# Don't Tease Us!



## Bax* (Dec 14, 2008)

Here is a quick little article that sure has generated quite the buzz around the forum world....

http://www.outdoorlife.com/blogs/gu...r-introduce-world's-fastest-rimfire-cartridge


----------



## Squigie (Aug 4, 2012)

"If history is any guide..."

To me, that says .20 caliber.

If so...
In a way, I think it's a complete waste, and destined to fail. ...there are too many WMRs and HMRs out there, already.

But, at the same time, my brother and I were discussing the 5mm Remington Magnum, the other day. We both consider the 5mm Rem to be absolutely the best-performing rimfire cartridge released in the last 100 years. It just never caught on well, ammunition is difficult to find (and expensive), there's really only one bullet choice easily obtained, and nearly no one chambers a rifle for it any more.

My prediction:
Bottleneck cartridge in .20 caliber.
Slightly larger case diameter than .22 WMR (say .258"). (As a bi-product, also a slightly larger rim diameter.)
Similar OAL to .22 WMR and .17 HMR (1.350"), but with the shoulder farther forward than .17 HMR.
Thick case walls.
First load to hit the market: 25 gr Solid Copper bullets at 3,000+ fps. 
Next load: 30-32 gr HPs at 2,850 fps.

And... a very distant possibility (don't laugh too hard):
A .14 caliber cartridge that differs only minimally from .22 WMR and .17 HMR. ...again, with a solid copper projectile as the first load released.
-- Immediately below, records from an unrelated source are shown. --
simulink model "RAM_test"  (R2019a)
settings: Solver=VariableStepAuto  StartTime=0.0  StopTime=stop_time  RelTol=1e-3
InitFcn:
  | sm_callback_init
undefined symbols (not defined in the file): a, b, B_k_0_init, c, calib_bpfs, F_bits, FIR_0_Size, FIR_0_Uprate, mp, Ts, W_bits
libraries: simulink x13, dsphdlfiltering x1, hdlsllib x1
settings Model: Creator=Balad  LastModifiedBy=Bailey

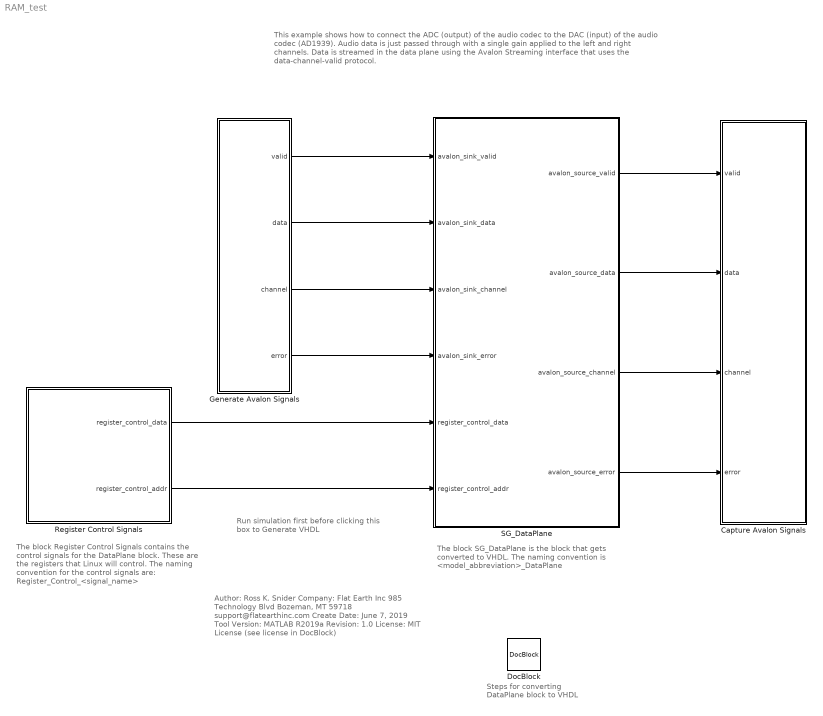
== system RAM_test ==
  note: Author:          Ross K. Snider
      | Company:     Flat Earth Inc
      |                       985 Technology Blvd
      |                       Bozeman, MT 59718
      |                       support@flatearthinc.com
      | Create Date:  June 7, 2019
      | Tool Version:  MATLAB R2019a
      | Revision:        1.0
      | License:          MIT License (see license in DocBlock)
  note: The block SG_DataPlane is the block that gets
      | converted to VHDL. The naming convention is
      | <model_abbreviation>_DataPlane
  note: Steps for converting
      | DataPlane block
      | to VHDL
  note: This example shows how to connect the ADC (output) of the audio codec to the DAC (input) of the audio codec (AD1939). Audio data is just passed through with a single gain applied to the left and right channels. Data is streamed in the data plane using the Avalon Streaming interface that uses the data-channel-valid protocol.
  note: The block Register Control Signals contains
      | the control signals for the DataPlane block.
      | These are the registers that Linux will control.
      | The naming convention for the control
      | signals are:  Register_Control_<signal_name>
  note: Run simulation first
      | before clicking this box to
      | Generate VHDL
  Capture Avalon Signals : Subsystem
  DocBlock : simulink/Model-Wide Utilities/DocBlock  DocumentType=HTML
      content=|
      | <html><head></head><body>
      | Type your documentation here</body></html>
  Generate Avalon Signals : Subsystem
  Register Control Signals : Subsystem
  SG_DataPlane : Subsystem  TreatAsAtomicUnit=on
  wires:
  Register Control Signals/2(register_control_addr) -> SG_DataPlane/6(register_control_addr)
  SG_DataPlane/2(avalon_source_data) -> Capture Avalon Signals/2(data)
  Generate Avalon Signals/3(channel) -> SG_DataPlane/3(avalon_sink_channel)
  Register Control Signals/1(register_control_data) -> SG_DataPlane/5(register_control_data)
  Generate Avalon Signals/2(data) -> SG_DataPlane/2(avalon_sink_data)
  Generate Avalon Signals/1(valid) -> SG_DataPlane/1(avalon_sink_valid)
  SG_DataPlane/4(avalon_source_error) -> Capture Avalon Signals/4(error)
  Generate Avalon Signals/4(error) -> SG_DataPlane/4(avalon_sink_error)
  SG_DataPlane/3(avalon_source_channel) -> Capture Avalon Signals/3(channel)
  SG_DataPlane/1(avalon_source_valid) -> Capture Avalon Signals/1(valid)

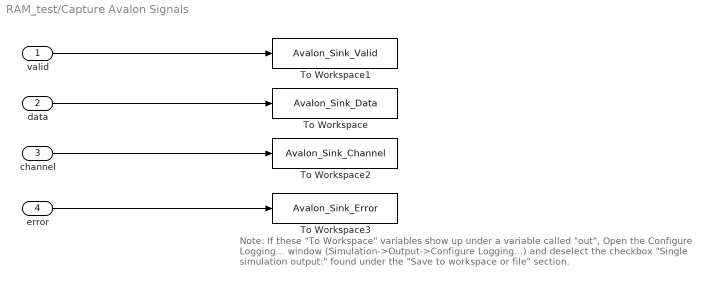
== system RAM_test/Capture Avalon Signals ==
  note: Note:  If these "To Workspace" variables show up under a variable called "out",
      | Open the Configure Logging... window (Simulation->Output->Configure Logging...)
      | and deselect the checkbox "Single simulation output:" found under the "Save to workspace or file" section.
  valid : Inport
  data : Inport  Port=2
  channel : Inport  Port=3
  error : Inport  Port=4
  To Workspace : ToWorkspace  VariableName=Avalon_Sink_Data  SaveFormat=Timeseries  SampleTime=-1
  To Workspace1 : ToWorkspace  VariableName=Avalon_Sink_Valid  SaveFormat=Timeseries  SampleTime=-1
  To Workspace2 : ToWorkspace  VariableName=Avalon_Sink_Channel  SaveFormat=Timeseries  SampleTime=-1
  To Workspace3 : ToWorkspace  VariableName=Avalon_Sink_Error  SaveFormat=Timeseries  SampleTime=-1
  wires:
  data/1 -> To Workspace/1
  valid/1 -> To Workspace1/1
  error/1 -> To Workspace3/1
  channel/1 -> To Workspace2/1

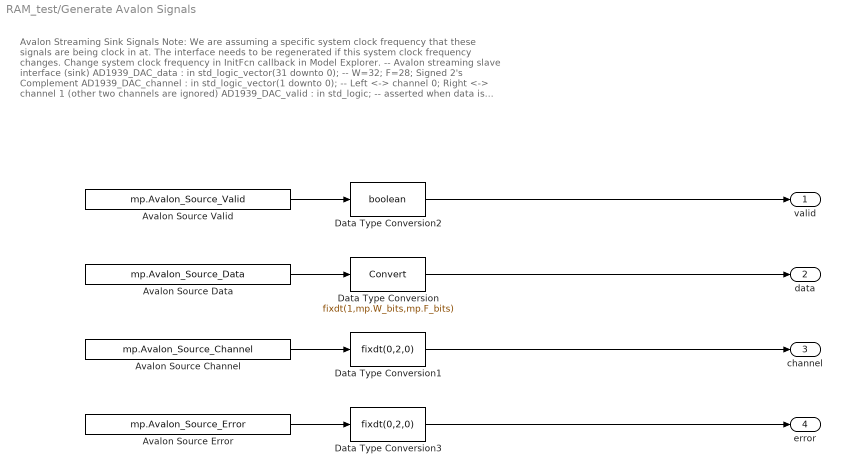
== system RAM_test/Generate Avalon Signals ==
  note: Avalon Streaming Sink Signals
      | Note: We are assuming a specific system clock frequency that these signals are being clock in at.
      | The interface needs to be regenerated if this system clock frequency changes. Change system clock frequency in InitFcn callback in Model Explorer.
      |
      | -- Avalon streaming slave interface (sink)
      | AD1939_DAC_data : in std_logic_vector(31 downto 0); -- W=32; F=28; Signed 2's Complement
      | AD1939_DAC_channel : in std_logic_vector(1 downto 0); -- Left <-> channel 0; Right <-> channel 1 (other two channels are ignored)
      | AD1939_DAC_valid : in std_logic; -- asserted when data is valid
      | AD1939_DAC_error : in std_logic_vector(1 downto 0) -- error channel is ignored, assumed to be error free at this point
      |
      | For more information on the data-channel-valid protocol, see chapter 5 in Intel's Avalon Interfaced Specification (p. 40) at https://www.intel.com/content/dam/www/programmable/us/en/pdfs/literature/manual/mnl_avalon_spec.pdf
  Avalon Source Channel : FromWorkspace  VariableName=mp.Avalon_Source_Channel  OutDataTypeStr=double  SampleTime=mp.Ts_system
  "Avalon Source Data " : FromWorkspace  VariableName=mp.Avalon_Source_Data  OutDataTypeStr=double  SampleTime=mp.Ts_system
  Avalon Source Error : FromWorkspace  VariableName=mp.Avalon_Source_Error  OutDataTypeStr=double  SampleTime=mp.Ts_system
  Avalon Source Valid : FromWorkspace  VariableName=mp.Avalon_Source_Valid  OutDataTypeStr=double  SampleTime=mp.Ts_system
  Data Type Conversion : DataTypeConversion  OutDataTypeStr=fixdt(1,mp.W_bits,mp.F_bits)
  Data Type Conversion1 : DataTypeConversion  OutDataTypeStr=fixdt(0,2,0)
  Data Type Conversion2 : DataTypeConversion  OutDataTypeStr=boolean
  Data Type Conversion3 : DataTypeConversion  OutDataTypeStr=fixdt(0,2,0)
  valid : Outport
  data : Outport  Port=2
  channel : Outport  Port=3
  error : Outport  Port=4
  wires:
  Data Type Conversion1/1 -> channel/1
  Data Type Conversion2/1 -> valid/1
  Avalon Source Error/1 -> Data Type Conversion3/1
  Data Type Conversion/1 -> data/1
  Avalon Source Valid/1 -> Data Type Conversion2/1
  Data Type Conversion3/1 -> error/1
  Avalon Source Channel/1 -> Data Type Conversion1/1
  "Avalon Source Data "/1 -> Data Type Conversion/1

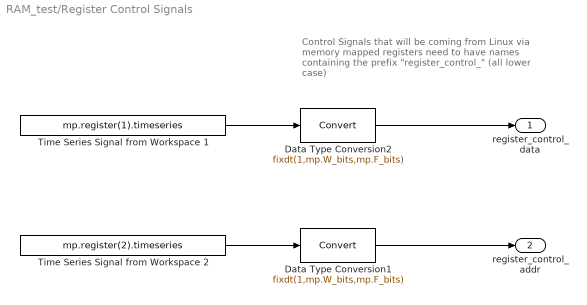
== system RAM_test/Register Control Signals ==
  note: Control Signals that will be coming from Linux via
      | memory mapped registers need to have names
      | containing the prefix "register_control_"
      | (all lower case)
  Data Type Conversion1 : DataTypeConversion  OutDataTypeStr=fixdt(1,mp.W_bits,mp.F_bits)
  Data Type Conversion2 : DataTypeConversion  OutDataTypeStr=fixdt(1,mp.W_bits,mp.F_bits)
  Time Series Signal from Workspace 1 : FromWorkspace  VariableName=mp.register(1).timeseries  OutDataTypeStr=double  SampleTime=mp.Ts_system
  Time Series Signal from Workspace 2 : FromWorkspace  VariableName=mp.register(2).timeseries  OutDataTypeStr=double  SampleTime=mp.Ts_system
  register_control_data : Outport
  register_control_addr : Outport  Port=2
  wires:
  Time Series Signal from Workspace 1/1 -> Data Type Conversion2/1
  Time Series Signal from Workspace 2/1 -> Data Type Conversion1/1
  Data Type Conversion2/1 -> register_control_data/1
  Data Type Conversion1/1 -> register_control_addr/1

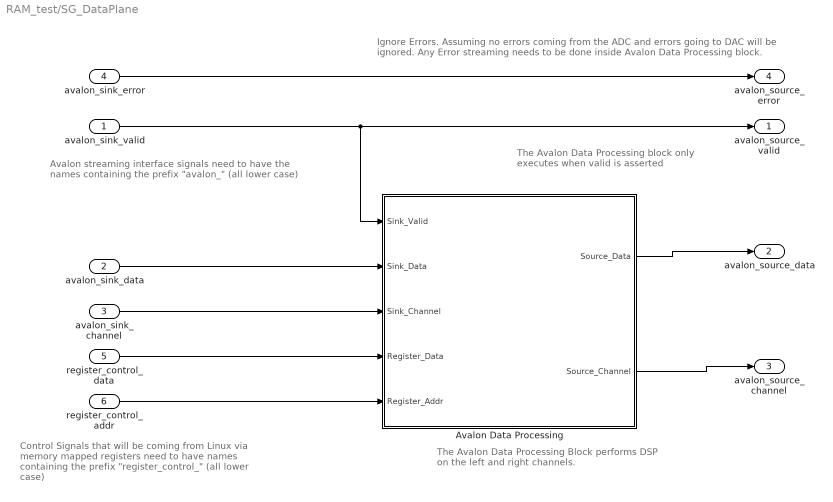
== system RAM_test/SG_DataPlane ==
  note: Control Signals that will be coming from Linux via
      | memory mapped registers need to have names
      | containing the prefix "register_control_"
      | (all lower case)
  note: The Avalon Data Processing Block
      | performs DSP on the left and right channels.
  note: The Avalon Data Processing block
      | only executes when valid is asserted
  note: Ignore Errors.
      | Assuming no errors coming from the ADC and errors going to DAC will be ignored.
      | Any Error streaming needs to be done inside Avalon Data Processing block.
  note: Avalon streaming interface signals need to have the
      | names containing the prefix "avalon_"
      | (all lower case)
  avalon_sink_valid : Inport
  avalon_sink_data : Inport  Port=2
  avalon_sink_channel : Inport  Port=3
  avalon_sink_error : Inport  Port=4
  register_control_data : Inport  Port=5
  register_control_addr : Inport  Port=6
  Avalon Data Processing : Subsystem  TreatAsAtomicUnit=on
  avalon_source_valid : Outport
  avalon_source_data : Outport  Port=2
  avalon_source_channel : Outport  Port=3
  avalon_source_error : Outport  Port=4
  wires:
  avalon_sink_channel/1 -> Avalon Data Processing/3(Sink_Channel)
  avalon_sink_error/1 -> avalon_source_error/1
  Avalon Data Processing/1(Source_Data) -> avalon_source_data/1
  avalon_sink_valid/1 -> avalon_source_valid/1, Avalon Data Processing/1(Sink_Valid)
  avalon_sink_data/1 -> Avalon Data Processing/2(Sink_Data)
  Avalon Data Processing/2(Source_Channel) -> avalon_source_channel/1
  register_control_addr/1 -> Avalon Data Processing/5(Register_Addr)
  register_control_data/1 -> Avalon Data Processing/4(Register_Data)

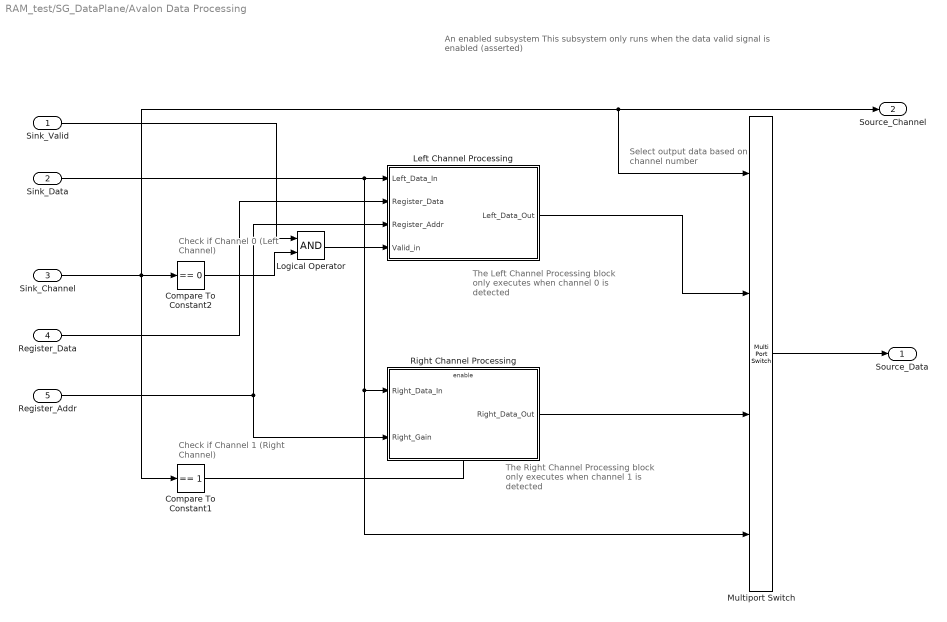
== system RAM_test/SG_DataPlane/Avalon Data Processing ==
  note: Select output data
      | based on channel number
  note: Check if Channel 0
      | (Left Channel)
  note: The Left Channel Processing block
      | only executes when channel 0
      | is detected
  note: The Right Channel Processing block
      | only executes when channel 1
      | is detected
  note: Check if Channel 1
      | (Right Channel)
  note: An enabled subsystem
      | This subsystem only runs when the data valid signal is enabled (asserted)
  Sink_Valid : Inport
  Sink_Data : Inport  Port=2
  Sink_Channel : Inport  Port=3
  Register_Data : Inport  Port=4
  Register_Addr : Inport  Port=5
  Compare To Constant1 : simulink/Logic and Bit Operations/Compare To Constant  relop===  const=1  OutDataTypeStr=boolean
  Compare To Constant2 : simulink/Logic and Bit Operations/Compare To Constant  relop===  const=0  OutDataTypeStr=boolean
  Left Channel Processing : Subsystem  TreatAsAtomicUnit=on
  Logical Operator : Logic  AllPortsSameDT=off  OutDataTypeStr=boolean
  Multiport Switch : MultiPortSwitch  DataPortOrder=Zero-based contiguous  DiagnosticForDefault=None  zeroidx=on
  Right Channel Processing : Subsystem  TreatAsAtomicUnit=on
  Source_Data : Outport  InitialOutput=0
  Source_Channel : Outport  Port=2  InitialOutput=0
  wires:
  Sink_Channel/1 -> Source_Channel/1, Multiport Switch/1, Compare To Constant1/1, Compare To Constant2/1
  Compare To Constant2/1 -> Logical Operator/2
  Compare To Constant1/1 -> Right Channel Processing/Enable
  Sink_Data/1 -> Multiport Switch/4, Right Channel Processing/1(Right_Data_In), Left Channel Processing/1(Left_Data_In)
  Left Channel Processing/1("Left_Data_Out ") -> Multiport Switch/2
  Right Channel Processing/1("Right_Data_Out ") -> Multiport Switch/3
  Multiport Switch/1 -> Source_Data/1
  Register_Data/1 -> Left Channel Processing/2(Register_Data)
  Register_Addr/1 -> Left Channel Processing/3(Register_Addr), Right Channel Processing/2(Right_Gain)
  Logical Operator/1 -> Left Channel Processing/4(Valid_in)
  Sink_Valid/1 -> Logical Operator/1

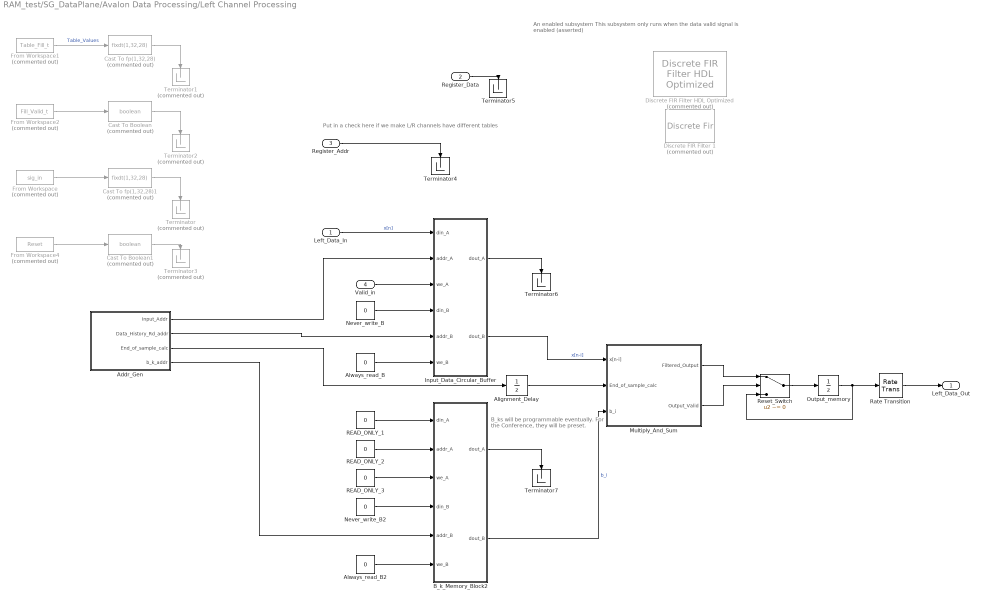
== system RAM_test/SG_DataPlane/Avalon Data Processing/Left Channel Processing ==
  note: B_ks will be programmable eventually.
      | For the Conference, they will be preset.
  note: Put in a check here if we make L/R channels have different tables
  note: An enabled subsystem
      | This subsystem only runs when the data valid signal is enabled (asserted)
  Left_Data_In : Inport
  Register_Data : Inport  Port=2
  Register_Addr : Inport  Port=3
  Valid_in : Inport  Port=4
  "Addr_Gen " : Subsystem
  Alignment_Delay : UnitDelay  SampleTime=-1  HasFrameUpgradeWarning=on
  Always_read_B : Constant  Value=0  OutDataTypeStr=boolean  SampleTime=Ts/FIR_0_Uprate
  Always_read_B2 : Constant  Value=0  OutDataTypeStr=boolean  SampleTime=Ts/FIR_0_Uprate
  B_k_Memory_Block2 : Subsystem  AncestorBlock=DualPortRam_UNLOCKED/Dual Rate Dual Port RAM1  mask(Dual-rate dual-port RAM){ram_size=FIR_0_Size}
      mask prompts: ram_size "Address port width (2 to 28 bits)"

That's what _I_ would do, anyway...


----------



## Bax* (Dec 14, 2008)

.20 was my guess too.

The 5mm is awesome. Too bad you cant just swap barrels from a 22 WMR and shoot the 5mm, but the case diameter is different so you would need to do bolt work too


----------



## BPturkeys (Sep 13, 2007)

Now that sounds like a really stupid idea to me. Exactly where is the market for rounds that are only a little faster than the many loads that are currently available. We already have some great .17's and .20's and with the hot .22 WMR's loadings out there from Rem and CCI, I simply don't see the market, and what new could it possibly bring to the shooter. (I guess it could be a good reason to buy a new gun though..."honey, I don't have one of these"   )


----------



## Squigie (Aug 4, 2012)

The key to its success will lie in what, exactly, these two statements are actually referring to:


> The new round is going to be the fastest rimfire round available by quite a margin.


If it's 100 fps or even 150 fps faster, it won't get too much attention.
But, if they can go from the .17 HMR's ~2,500 fps to, say, 3,000 fps... it will be a featured topic on every forum and blog, and in every magazine. Even 2,800 fps would get it some serious attention.



> One gun maker has already signed up to chamber the cartridge and by the end of 2013, I expect at least two more to jump on the bandwagon.


That's a bit of a strange statement, considering Winchester shouldn't have to "sign up" to produce a cartridge sharing its name. But... Winchester Ammunition (owned by Olin) is not affiliated with Winchester Repeating Arms (which is owned by FN). Winchester is unlikely to offer a firearm for the new cartridge, unless they modify the 1892. Browning is only loosely affiliated, and doesn't often jump on new cartridge introductions. So, the T-bolt is unlikely to be a candidate.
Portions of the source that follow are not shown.